See `tests/test_tabularize_integration.py` for an example of the end-to-end pipeline being run on synthetic data. This
script is a functional test that is also run with `pytest` to verify the correctness of the algorithm.

#### Core Scripts:

1. `scripts/identify_columns.py` loads all training shard to identify which feature columns
   to generate tabular data for.
2. `scripts/tabularize_static.py` Iterates through shards and generates tabular vectors for
   each patient. There is a single row per patient for each shard.
3. `scripts/summarize_over_windows.py` For each shard, iterates through window sizes and aggregations to and
   horizontally concatenates the outputs to generate the final tabular representations at every event time for
   every patient.
4. `scripts/tabularize_merge` Aligns the time-series window aggregations (generated in the previous step) with
   the static tabular vectors and caches them for training.
5. `scripts/hf_cohort/aces_task_extraction.py` Generates the task labels and caches them with the event_id
   indexes which align them with the nearest prior event in the tabular data.
6. `scripts/xgboost_sweep.py` Tunes XGboost on methods. Iterates through the labels and corresponding tabular data.
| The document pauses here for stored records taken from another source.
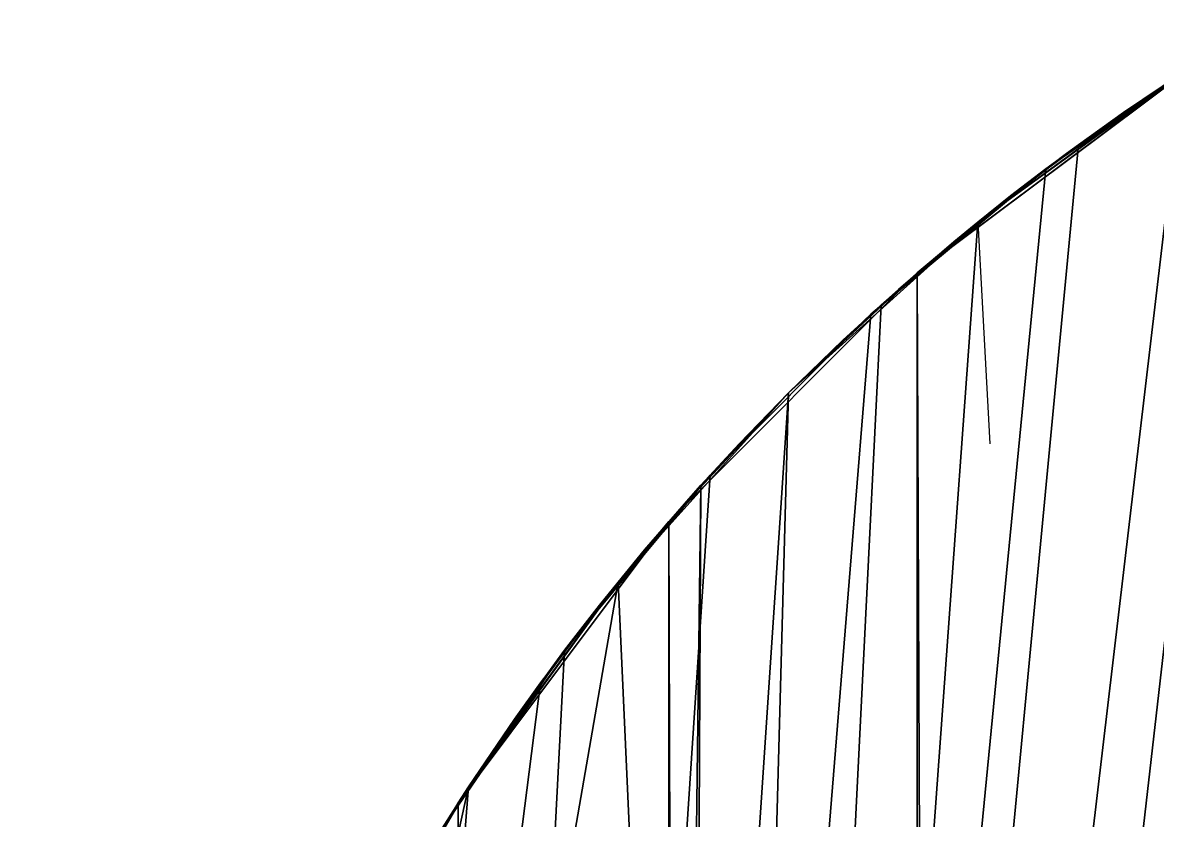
# Model space of a CAD drawing. Extents: x 207 to 387, y 94 to 160.
# Drawn here: x 325.03 to 325.937, y 152.022 to 152.659 of the extents above; entities that cross this region are included whole.
import ezdxf

# ---------------------------------------------------------------- set-up
doc = ezdxf.new("R2010")
doc.units = 0
doc.header["$LTSCALE"] = 2.54
doc.layers.get('0').update_dxf_attribs({"color": 13, "linetype": 'CONTINUOUS'})

# ---------------------------------------------------------------- blocks, each defined once
blk = doc.blocks.new('SP_05_ALTFIELD_CREDENZA_DW')
at = {"color": 23}
for p, q in [((61.45037, 7.9009), (61.31576, 7.65436)), ((61.45037, 7.9009), (61.31576, 7.65436)), ((61.40834, 7.81452, 0.74402), (61.30737, 7.64143, 0.62305)), ((61.40834, 7.81452, 0.74402), (61.30737, 7.64143, 0.62305)), ((61.36022, 7.72697, 0.68283), (61.30737, 7.64143, 0.62305)), ((61.36022, 7.72697, 0.68283), (61.30737, 7.64143, 0.62305)), ((61.3334, 7.68234, 19.125), (61.23063, 7.53231, 19.125)), ((61.3334, 7.68234, 19.125), (61.23063, 7.53231, 19.125)), ((61.31576, 7.65436), (61.14742, 7.42949)), ((61.31576, 7.65436), (61.14742, 7.42949)), ((61.30737, 7.64143, 0.62305), (61.18797, 7.47785, 0.50872)), ((61.30737, 7.64143, 0.62305), (61.18797, 7.47785, 0.50872)), ((61.30737, 7.64143, 0.62305), (61.24989, 7.55827, 0.56492)), ((61.30737, 7.64143, 0.62305), (61.24989, 7.55827, 0.56492)), ((61.18797, 7.47785, 0.50872), (61.24989, 7.55827, 0.56492)), ((61.18797, 7.47785, 0.50872), (61.24989, 7.55827, 0.56492)), ((61.23063, 7.53231, 19.125), (61.11446, 7.39242, 19.125)), ((61.23063, 7.53231, 19.125), (61.11446, 7.39242, 19.125)), ((61.18797, 7.47785, 0.50872), (61.05164, 7.32663, 0.40303)), ((61.18797, 7.47785, 0.50872), (61.05164, 7.32663, 0.40303)), ((61.12182, 7.40053, 0.45468), (61.18797, 7.47785, 0.50872)), ((61.12182, 7.40053, 0.45468), (61.18797, 7.47785, 0.50872)), ((61.14742, 7.42949), (60.94879, 7.23087)), ((61.14742, 7.42949), (60.94879, 7.23087)), ((61.12182, 7.40053, 0.45468), (61.05164, 7.32663, 0.40303)), ((61.12182, 7.40053, 0.45468), (61.05164, 7.32663, 0.40303)), ((61.11446, 7.39242, 19.125), (60.98586, 7.26383, 19.125)), ((61.11446, 7.39242, 19.125), (60.98586, 7.26383, 19.125)), ((60.90043, 7.19031, 0.30774), (60.89071, 7.36741, 0.43153)), ((61.05164, 7.32663, 0.40303), (60.90043, 7.19031, 0.30774)), ((61.05164, 7.32663, 0.40303), (60.90043, 7.19031, 0.30774)), ((61.05164, 7.32663, 0.40303), (60.97775, 7.25647, 0.35399)), ((61.05164, 7.32663, 0.40303), (60.97775, 7.25647, 0.35399)), ((60.98586, 7.26383, 19.125), (60.84597, 7.14765, 19.125)), ((60.98586, 7.26383, 19.125), (60.84597, 7.14765, 19.125)), ((60.97775, 7.25647, 0.35399), (60.90043, 7.19031, 0.30774)), ((60.97775, 7.25647, 0.35399), (60.90043, 7.19031, 0.30774)), ((60.94879, 7.23087), (60.72392, 7.06253)), ((60.94879, 7.23087), (60.72392, 7.06253)), ((60.90043, 7.19031, 0.30774), (60.73685, 7.07091, 0.2243)), ((60.90043, 7.19031, 0.30774), (60.73685, 7.07091, 0.2243)), ((60.82001, 7.12839, 0.26446), (60.90043, 7.19031, 0.30774)), ((60.82001, 7.12839, 0.26446), (60.90043, 7.19031, 0.30774)), ((60.84597, 7.14765, 19.125), (60.69595, 7.04488, 19.125)), ((60.84597, 7.14765, 19.125), (60.69595, 7.04488, 19.125)), ((60.73685, 7.07091, 0.2243), (60.82001, 7.12839, 0.26446)), ((60.73685, 7.07091, 0.2243), (60.82001, 7.12839, 0.26446))]:
    blk.add_line(p, q, dxfattribs=at)
at = {"color": 0}
for p, q in [((61.40834, 7.81452, 0.74402), (61.31576, 7.65436)), ((61.40834, 7.81452, 0.74402), (61.31576, 7.65436)), ((61.3334, 7.68234, 19.125), (61.27068, 7.58731, 18.46657)), ((61.3334, 7.68234, 19.125), (61.27068, 7.58731, 18.46657)), ((61.27068, 7.58731, 1.318), (61.33328, 7.68214, 0.98822)), ((61.27068, 7.58731, 1.318), (61.33328, 7.68214, 0.98822)), ((61.33328, 7.68214, 0.98822), (61.30737, 7.64143, 0.62305)), ((61.33328, 7.68214, 0.98822), (61.30737, 7.64143, 0.62305)), ((61.31576, 7.65436), (61.18797, 7.47785, 0.50872)), ((61.31576, 7.65436), (61.18797, 7.47785, 0.50872)), ((61.30737, 7.64143, 0.62305), (61.31576, 7.65436)), ((61.30737, 7.64143, 0.62305), (61.31576, 7.65436)), ((61.30737, 7.64143, 0.62305), (61.27068, 7.58731, 1.318)), ((61.27068, 7.58731, 0.65843), (61.30737, 7.64143, 0.62305)), ((61.27068, 7.58731, 0.65843), (61.30737, 7.64143, 0.62305)), ((61.30737, 7.64143, 0.62305), (61.27068, 7.58731, 1.318)), ((61.27068, 7.58731, 18.46657), (61.20273, 7.49624, 18.46657)), ((61.20273, 7.49624, 0.65843), (61.27068, 7.58731, 0.65843)), ((61.27068, 7.58731, 18.46657), (61.20273, 7.49624, 18.46657)), ((61.20273, 7.49624, 0.65843), (61.27068, 7.58731, 0.65843)), ((61.23063, 7.53231, 19.125), (61.27068, 7.58731, 18.46657)), ((61.23063, 7.53231, 19.125), (61.27068, 7.58731, 18.46657)), ((61.27068, 7.58731, 0.65843), (61.24989, 7.55827, 0.56492)), ((61.27068, 7.58731, 0.65843), (61.24989, 7.55827, 0.56492)), ((61.27068, 7.58731, 18.46657), (61.27068, 7.58731, 1.318)), ((61.27068, 7.58731, 1.318), (61.27068, 7.58731, 0.65843)), ((61.27068, 7.58731, 1.318), (61.27068, 7.58731, 0.65843)), ((61.27068, 7.58731, 18.46657), (61.27068, 7.58731, 1.318)), ((61.20273, 7.49624, 0.65843), (61.24989, 7.55827, 0.56492)), ((61.20273, 7.49624, 0.65843), (61.24989, 7.55827, 0.56492)), ((61.23063, 7.53231, 19.125), (61.12963, 7.40925, 18.46657)), ((61.23063, 7.53231, 19.125), (61.12963, 7.40925, 18.46657)), ((61.20273, 7.49624, 18.46657), (61.23063, 7.53231, 19.125)), ((61.20273, 7.49624, 18.46657), (61.23063, 7.53231, 19.125)), ((61.20273, 7.49624, 1.318), (61.12963, 7.40925, 1.318)), ((61.20273, 7.49624, 18.46657), (61.12963, 7.40925, 18.46657)), ((61.20273, 7.49624, 1.318), (61.12963, 7.40925, 1.318)), ((61.20273, 7.49624, 18.46657), (61.12963, 7.40925, 18.46657)), ((61.20273, 7.49624, 0.65843), (61.16681, 7.45222, 0.65843)), ((61.16681, 7.45222, 0.65843), (61.20273, 7.49624, 1.318)), ((61.16681, 7.45222, 0.65843), (61.20273, 7.49624, 1.318)), ((61.20273, 7.49624, 0.65843), (61.16681, 7.45222, 0.65843)), ((61.20273, 7.49624, 0.65843), (61.18797, 7.47785, 0.50872)), ((61.20273, 7.49624, 0.65843), (61.18797, 7.47785, 0.50872)), ((61.20273, 7.49624, 18.46657), (61.20273, 7.49624, 1.318)), ((61.20273, 7.49624, 1.318), (61.20273, 7.49624, 0.65843)), ((61.20273, 7.49624, 18.46657), (61.20273, 7.49624, 1.318)), ((61.20273, 7.49624, 1.318), (61.20273, 7.49624, 0.65843)), ((61.18797, 7.47785, 0.50872), (61.14742, 7.42949)), ((61.18797, 7.47785, 0.50872), (61.14742, 7.42949)), ((61.18797, 7.47785, 0.50872), (61.16681, 7.45222, 0.65843)), ((61.18797, 7.47785, 0.50872), (61.16681, 7.45222, 0.65843)), ((61.12182, 7.40053, 0.45468), (61.16681, 7.45222, 0.65843)), ((61.12182, 7.40053, 0.45468), (61.16681, 7.45222, 0.65843)), ((61.16681, 7.45222, 0.65843), (61.12963, 7.40925, 0.65843)), ((61.12963, 7.40925, 1.318), (61.16681, 7.45222, 0.65843)), ((61.12963, 7.40925, 1.318), (61.16681, 7.45222, 0.65843)), ((61.16681, 7.45222, 0.65843), (61.12963, 7.40925, 0.65843)), ((61.05164, 7.32663, 0.40303), (61.14742, 7.42949)), ((61.05164, 7.32663, 0.40303), (61.14742, 7.42949)), ((61.05164, 7.32663, 1.318), (61.12963, 7.40925, 1.318)), ((61.05164, 7.32663, 1.318), (61.12963, 7.40925, 1.318)), ((61.12963, 7.40925, 1.318), (61.09124, 7.36738, 0.65843)), ((61.12963, 7.40925, 1.318), (61.09124, 7.36738, 0.65843)), ((61.12963, 7.40925, 18.46657), (61.11446, 7.39242, 19.125)), ((61.12963, 7.40925, 18.46657), (61.11446, 7.39242, 19.125)), ((61.12182, 7.40053, 0.45468), (61.12963, 7.40925, 0.65843)), ((61.12182, 7.40053, 0.45468), (61.12963, 7.40925, 0.65843)), ((61.12963, 7.40925, 18.46657), (61.12963, 7.40925, 1.318)), ((61.12963, 7.40925, 0.65843), (61.12963, 7.40925, 1.318)), ((61.12963, 7.40925, 18.46657), (61.12963, 7.40925, 1.318)), ((61.12963, 7.40925, 0.65843), (61.12963, 7.40925, 1.318)), ((61.09124, 7.36738, 0.65843), (61.12182, 7.40053, 0.45468)), ((61.09124, 7.36738, 0.65843), (61.12182, 7.40053, 0.45468)), ((61.11446, 7.39242, 19.125), (61.05164, 7.32663, 18.46657)), ((61.11446, 7.39242, 19.125), (61.05164, 7.32663, 18.46657)), ((61.05164, 7.32663, 0.40303), (61.09124, 7.36738, 0.65843)), ((61.09124, 7.36738, 0.65843), (61.05164, 7.32663, 1.318)), ((61.09124, 7.36738, 0.65843), (61.05164, 7.32663, 1.318)), ((61.05164, 7.32663, 0.40303), (61.09124, 7.36738, 0.65843)), ((60.94879, 7.23087), (61.05164, 7.32663, 0.40303)), ((60.94879, 7.23087), (61.05164, 7.32663, 0.40303)), ((60.96381, 7.24401, 1.318), (61.05164, 7.32663, 1.318)), ((61.05164, 7.32663, 18.46657), (60.96381, 7.24401, 18.46657)), ((60.96381, 7.24401, 1.318), (61.05164, 7.32663, 1.318)), ((61.05164, 7.32663, 18.46657), (60.96381, 7.24401, 18.46657)), ((60.98586, 7.26383, 19.125), (61.05164, 7.32663, 18.46657)), ((60.98586, 7.26383, 19.125), (61.05164, 7.32663, 18.46657)), ((61.05164, 7.32663, 1.318), (61.00836, 7.28465, 0.65843)), ((61.00836, 7.28465, 0.65843), (61.05164, 7.32663, 0.40303)), ((61.05164, 7.32663, 1.318), (61.00836, 7.28465, 0.65843)), ((61.00836, 7.28465, 0.65843), (61.05164, 7.32663, 0.40303)), ((61.05164, 7.32663, 18.46657), (61.05164, 7.32663, 1.318)), ((61.05164, 7.32663, 1.318), (61.05164, 7.32663, 0.40303)), ((61.05164, 7.32663, 18.46657), (61.05164, 7.32663, 1.318)), ((61.05164, 7.32663, 1.318), (61.05164, 7.32663, 0.40303)), ((61.00836, 7.28465, 0.65843), (60.96381, 7.24401, 1.318)), ((61.00836, 7.28465, 0.65843), (60.96381, 7.24401, 1.318)), ((60.97775, 7.25647, 0.35399), (61.00836, 7.28465, 0.65843)), ((60.97775, 7.25647, 0.35399), (61.00836, 7.28465, 0.65843)), ((60.98586, 7.26383, 19.125), (60.87416, 7.16934, 18.46657)), ((60.98586, 7.26383, 19.125), (60.87416, 7.16934, 18.46657)), ((60.96381, 7.24401, 18.46657), (60.98586, 7.26383, 19.125)), ((60.96381, 7.24401, 18.46657), (60.98586, 7.26383, 19.125)), ((60.96381, 7.24401, 0.65843), (60.97775, 7.25647, 0.35399)), ((60.96381, 7.24401, 0.65843), (60.97775, 7.25647, 0.35399)), ((60.87416, 7.16934, 1.318), (60.96381, 7.24401, 1.318)), ((60.96381, 7.24401, 18.46657), (60.87416, 7.16934, 18.46657)), ((60.87416, 7.16934, 1.318), (60.96381, 7.24401, 1.318)), ((60.96381, 7.24401, 18.46657), (60.87416, 7.16934, 18.46657)), ((60.96381, 7.24401, 1.318), (60.91953, 7.20601, 0.65843)), ((60.91953, 7.20601, 0.65843), (60.96381, 7.24401, 0.65843)), ((60.96381, 7.24401, 1.318), (60.91953, 7.20601, 0.65843)), ((60.91953, 7.20601, 0.65843), (60.96381, 7.24401, 0.65843)), ((60.96381, 7.24401, 18.46657), (60.96381, 7.24401, 1.318)), ((60.96381, 7.24401, 1.318), (60.96381, 7.24401, 0.65843)), ((60.96381, 7.24401, 18.46657), (60.96381, 7.24401, 1.318)), ((60.96381, 7.24401, 1.318), (60.96381, 7.24401, 0.65843)), ((60.90043, 7.19031, 0.30774), (60.94879, 7.23087)), ((60.90043, 7.19031, 0.30774), (60.94879, 7.23087)), ((60.91953, 7.20601, 0.65843), (60.87416, 7.16934, 1.318)), ((60.91953, 7.20601, 0.65843), (60.87416, 7.16934, 1.318)), ((60.90043, 7.19031, 0.30774), (60.91953, 7.20601, 0.65843)), ((60.90043, 7.19031, 0.30774), (60.91953, 7.20601, 0.65843)), ((60.72392, 7.06253), (60.90043, 7.19031, 0.30774)), ((60.72392, 7.06253), (60.90043, 7.19031, 0.30774)), ((60.87416, 7.16934, 0.65843), (60.90043, 7.19031, 0.30774)), ((60.87416, 7.16934, 0.65843), (60.90043, 7.19031, 0.30774)), ((60.87416, 7.16934, 1.318), (60.784, 7.10272, 1.318)), ((60.87416, 7.16934, 18.46657), (60.784, 7.10272, 18.46657)), ((60.87416, 7.16934, 1.318), (60.784, 7.10272, 1.318)), ((60.87416, 7.16934, 18.46657), (60.784, 7.10272, 18.46657)), ((60.87416, 7.16934, 0.65843), (60.82001, 7.12839, 0.26446)), ((60.87416, 7.16934, 0.65843), (60.82001, 7.12839, 0.26446)), ((60.82956, 7.13539, 0.65843), (60.87416, 7.16934, 1.318)), ((60.82956, 7.13539, 0.65843), (60.87416, 7.16934, 1.318)), ((60.84597, 7.14765, 19.125), (60.87416, 7.16934, 18.46657)), ((60.84597, 7.14765, 19.125), (60.87416, 7.16934, 18.46657)), ((60.87416, 7.16934, 18.46657), (60.87416, 7.16934, 1.318)), ((60.87416, 7.16934, 1.318), (60.87416, 7.16934, 0.65843)), ((60.87416, 7.16934, 18.46657), (60.87416, 7.16934, 1.318)), ((60.87416, 7.16934, 1.318), (60.87416, 7.16934, 0.65843)), ((60.84597, 7.14765, 19.125), (60.69019, 7.04134, 18.46657)), ((60.84597, 7.14765, 19.125), (60.69019, 7.04134, 18.46657)), ((60.784, 7.10272, 18.46657), (60.84597, 7.14765, 19.125)), ((60.784, 7.10272, 18.46657), (60.84597, 7.14765, 19.125)), ((60.784, 7.10272, 1.318), (60.82956, 7.13539, 0.65843)), ((60.82956, 7.13539, 0.65843), (60.784, 7.10272, 0.32866)), ((60.784, 7.10272, 1.318), (60.82956, 7.13539, 0.65843)), ((60.82956, 7.13539, 0.65843), (60.784, 7.10272, 0.32866)), ((60.82001, 7.12839, 0.26446), (60.784, 7.10272, 0.32866)), ((60.82001, 7.12839, 0.26446), (60.784, 7.10272, 0.32866)), ((60.82001, 7.12839, 0.26446), (60.82956, 7.13539, 0.65843)), ((60.82001, 7.12839, 0.26446), (60.82956, 7.13539, 0.65843)), ((60.784, 7.10272, 1.318), (60.69019, 7.04134, 1.318)), ((60.784, 7.10272, 18.46657), (60.69019, 7.04134, 18.46657)), ((60.784, 7.10272, 1.318), (60.69019, 7.04134, 1.318)), ((60.784, 7.10272, 18.46657), (60.69019, 7.04134, 18.46657)), ((60.784, 7.10272, 0.32866), (60.73685, 7.07091, 0.2243)), ((60.784, 7.10272, 0.32866), (60.73685, 7.07091, 0.2243)), ((60.73753, 7.07136, 0.65843), (60.784, 7.10272, 1.318)), ((60.73753, 7.07136, 0.65843), (60.784, 7.10272, 1.318)), ((60.784, 7.10272, 1.318), (60.784, 7.10272, 18.46657)), ((60.784, 7.10272, 0.32866), (60.784, 7.10272, 1.318)), ((60.784, 7.10272, 1.318), (60.784, 7.10272, 18.46657)), ((60.784, 7.10272, 0.32866), (60.784, 7.10272, 1.318))]:
    blk.add_line(p, q, dxfattribs=at)
at = {"color": 23}
mesh = blk.add_polyface(dxfattribs=at)
corners = [(0, 65.8125, 90), (180, 6.75, 90), (0, 6.75, 90), (180, 65.8125, 90)]
mesh.append_faces([[corners[k] for k in face] for face in [(0, 1, 2), (1, 0, 3)]], dxfattribs={"vtx0": -1, "color": 23})
mesh = blk.add_polyface(dxfattribs=at)
corners = [(180, 6.75, 19.125), (0, 65.8125, 19.125), (0, 6.75, 19.125), (180, 65.8125, 19.125)]
mesh.append_faces([[corners[k] for k in face] for face in [(0, 1, 2), (1, 0, 3)]], dxfattribs={"vtx0": -1, "color": 23})
mesh = blk.add_polyface(dxfattribs=at)
corners = [(177.1875, 6.75, 87.1875), (2.8125, 65.8125, 87.1875), (2.8125, 6.75, 87.1875), (177.1875, 65.8125, 87.1875)]
mesh.append_faces([[corners[k] for k in face] for face in [(0, 1, 2), (1, 0, 3)]], dxfattribs={"vtx0": -1, "color": 23})
mesh = blk.add_polyface(dxfattribs=at)
corners = [(2.8125, 65.8125, 21.9375), (177.08127, 6.75, 21.9375), (2.8125, 6.75, 21.9375), (177.08127, 65.8125, 21.9375), (177.08127, 36.28125, 21.9375)]
mesh.append_faces([[corners[k] for k in face] for face in [(0, 1, 2), (1, 3, 4)]], dxfattribs={"vtx0": -1, "color": 23})
mesh.append_faces([[corners[k] for k in face] for face in [(1, 0, 3)]], dxfattribs={"vtx0": -1, "vtx2": -1, "color": 23})
mesh = blk.add_polyface(dxfattribs=at)
corners = [(57.69078, 63.84375), (57.71083, 8.43857), (57.69078, 8.71875), (57.71083, 64.12394), (57.77054, 8.16409), (57.77054, 64.39841), (57.8687, 7.9009), (57.8687, 64.6616), (58.00331, 7.65436), (58.00331, 64.90814), (58.17165, 7.42949), (58.17165, 65.13301), (58.37028, 7.23087), (58.37028, 65.33164), (58.59514, 7.06253), (58.59514, 65.49996), (58.84169, 6.92791), (58.84169, 65.63459), (59.10487, 6.82975), (59.10487, 65.73275), (59.37935, 6.77004), (59.37935, 65.79246), (59.65953, 6.75), (59.65953, 65.8125), (59.93972, 6.77004), (59.93972, 65.79246), (60.2142, 6.82975), (60.2142, 65.73275), (60.47738, 6.92791), (60.47738, 65.63459), (60.72392, 7.06253), (60.72392, 65.49996), (60.94879, 7.23087), (60.94879, 65.33164), (61.14742, 7.42949), (61.14742, 65.13301), (61.31576, 7.65436), (61.31576, 64.90814), (61.45037, 7.9009), (61.45037, 64.6616), (61.54853, 8.16409), (61.54853, 64.39841), (61.60824, 8.43857), (61.60824, 64.12394), (61.62828, 63.84375), (61.62828, 8.71875)]
mesh.append_faces([[corners[k] for k in face] for face in [(0, 1, 2), (42, 44, 45)]], dxfattribs={"vtx0": -1, "color": 23})
mesh.append_faces([[corners[k] for k in face] for face in [(1, 3, 4), (4, 5, 6), (6, 7, 8), (8, 9, 10), (10, 11, 12), (12, 13, 14), (14, 15, 16), (16, 17, 18), (18, 19, 20), (20, 21, 22), (22, 23, 24), (24, 25, 26), (26, 27, 28), (28, 29, 30), (30, 31, 32), (32, 33, 34), (34, 35, 36), (36, 37, 38), (38, 39, 40), (40, 41, 42)]], dxfattribs={"vtx0": -1, "vtx1": -1, "color": 23})
mesh.append_faces([[corners[k] for k in face] for face in [(1, 0, 3), (4, 3, 5), (6, 5, 7), (8, 7, 9), (10, 9, 11), (12, 11, 13), (14, 13, 15), (16, 15, 17), (18, 17, 19), (20, 19, 21), (22, 21, 23), (24, 23, 25), (26, 25, 27), (28, 27, 29), (30, 29, 31), (32, 31, 33), (34, 33, 35), (36, 35, 37), (38, 37, 39), (40, 39, 41), (42, 41, 43), (42, 43, 44)]], dxfattribs={"vtx0": -1, "vtx2": -1, "color": 23})
mesh = blk.add_polyface(dxfattribs=at)
corners = [(46.40625, 12.375, 53.4375), (46.0125, 59.5125, 53.4375), (46.0125, 12.375, 53.4375), (46.40625, 59.5125, 53.4375), (88.59375, 6.75, 53.4375), (46.40625, 6.75, 53.4375), (46.40625, 65.1375, 53.4375), (88.59375, 59.5125, 53.4375), (88.59375, 12.375, 53.4375), (88.9875, 59.5125, 53.4375), (88.9875, 12.375, 53.4375), (88.59375, 65.1375, 53.4375)]
mesh.append_faces([[corners[k] for k in face] for face in [(0, 1, 2), (4, 0, 5), (9, 8, 10)]], dxfattribs={"vtx0": -1, "color": 23})
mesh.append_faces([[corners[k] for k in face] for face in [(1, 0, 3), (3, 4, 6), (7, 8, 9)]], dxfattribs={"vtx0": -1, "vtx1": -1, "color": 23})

We run this on an example dataset using the following bash scripts in sequence:

```bash
bash hf_cohort_shard.sh  # processes the dataset into meds format
bash hf_cohort_e2e.sh  # performs (steps 1-4 above)
bash hf_cohort/aces_task.sh  # generates labels (step 5)
bash xgboost.sh  # trains xgboos (step 6)
```

## Feature Construction, Storage, and Loading

Tabularization of a (raw) MEDS dataset is done by running the `scripts/data/tabularize.py` script. This script
must inherently do a base level of preprocessing over the MEDS data, then will construct a sharded tabular
representation that respects the overall sharding of the raw data. This script uses [Hydra](https://hydra.cc/)
to manage configuration, and the configuration file is located at `configs/tabularize.yaml`.

## AutoML Pipelines

# TODOs

1. Leverage the "event bound aggregation" capabilities of [ESGPT Task
   Select](https://github.com/justin13601/ESGPTTaskQuerying/) to construct tabular summary features for
   event-bound historical windows (e.g., until the prior admission, until the last diagnosis of some type,
   etc.).
2. Support more feature aggregation functions.
3. Probably rename this repository, as the focus is really more on the tabularization and feature usage
   utilities than on the AutoML pipelines themselves.
4. Import, rather than reimplement, the mapper utilities from the MEDS preprocessing repository.
5. Investigate the feasibility of using TemporAI for this task.
6. Consider splitting the feature construction and AutoML pipeline parts of this repository into separate
   repositories.

# YAML Configuration File

- `MEDS_cohort_dir`: directory of MEDS format dataset that is ingested.
- `tabularized_data_dir`: output directory of tabularized data.
- `min_code_inclusion_frequency`: The base feature inclusion frequency that should be used to dictate
  what features can be included in the flat representation. It can either be a float, in which
  case it applies across all measurements, or `None`, in which case no filtering is applied, or
  a dictionary from measurement type to a float dictating a per-measurement-type inclusion
  cutoff.
- `window_sizes`: Beyond writing out a raw, per-event flattened representation, the dataset also has
  the capability to summarize these flattened representations over the historical windows
  specified in this argument. These are strings specifying time deltas, using this syntax:
  `link`\_. Each window size will be summarized to a separate directory, and will share the same
  subject file split as is used in the raw representation files.
- `codes`: A list of codes to include in the flat representation. If `None`, all codes will be included
  in the flat representation.
- `aggs`: A list of aggregations to apply to the raw representation. Must have length greater than 0.
- `n_patients_per_sub_shard`: The number of subjects that should be included in each output file.
  Lowering this number increases the number of files written, making the process of creating and
  leveraging these files slower but more memory efficient.
- `do_overwrite`: If `True`, this function will overwrite the data already stored in the target save
  directory.
- `seed`: The seed to use for random number generation.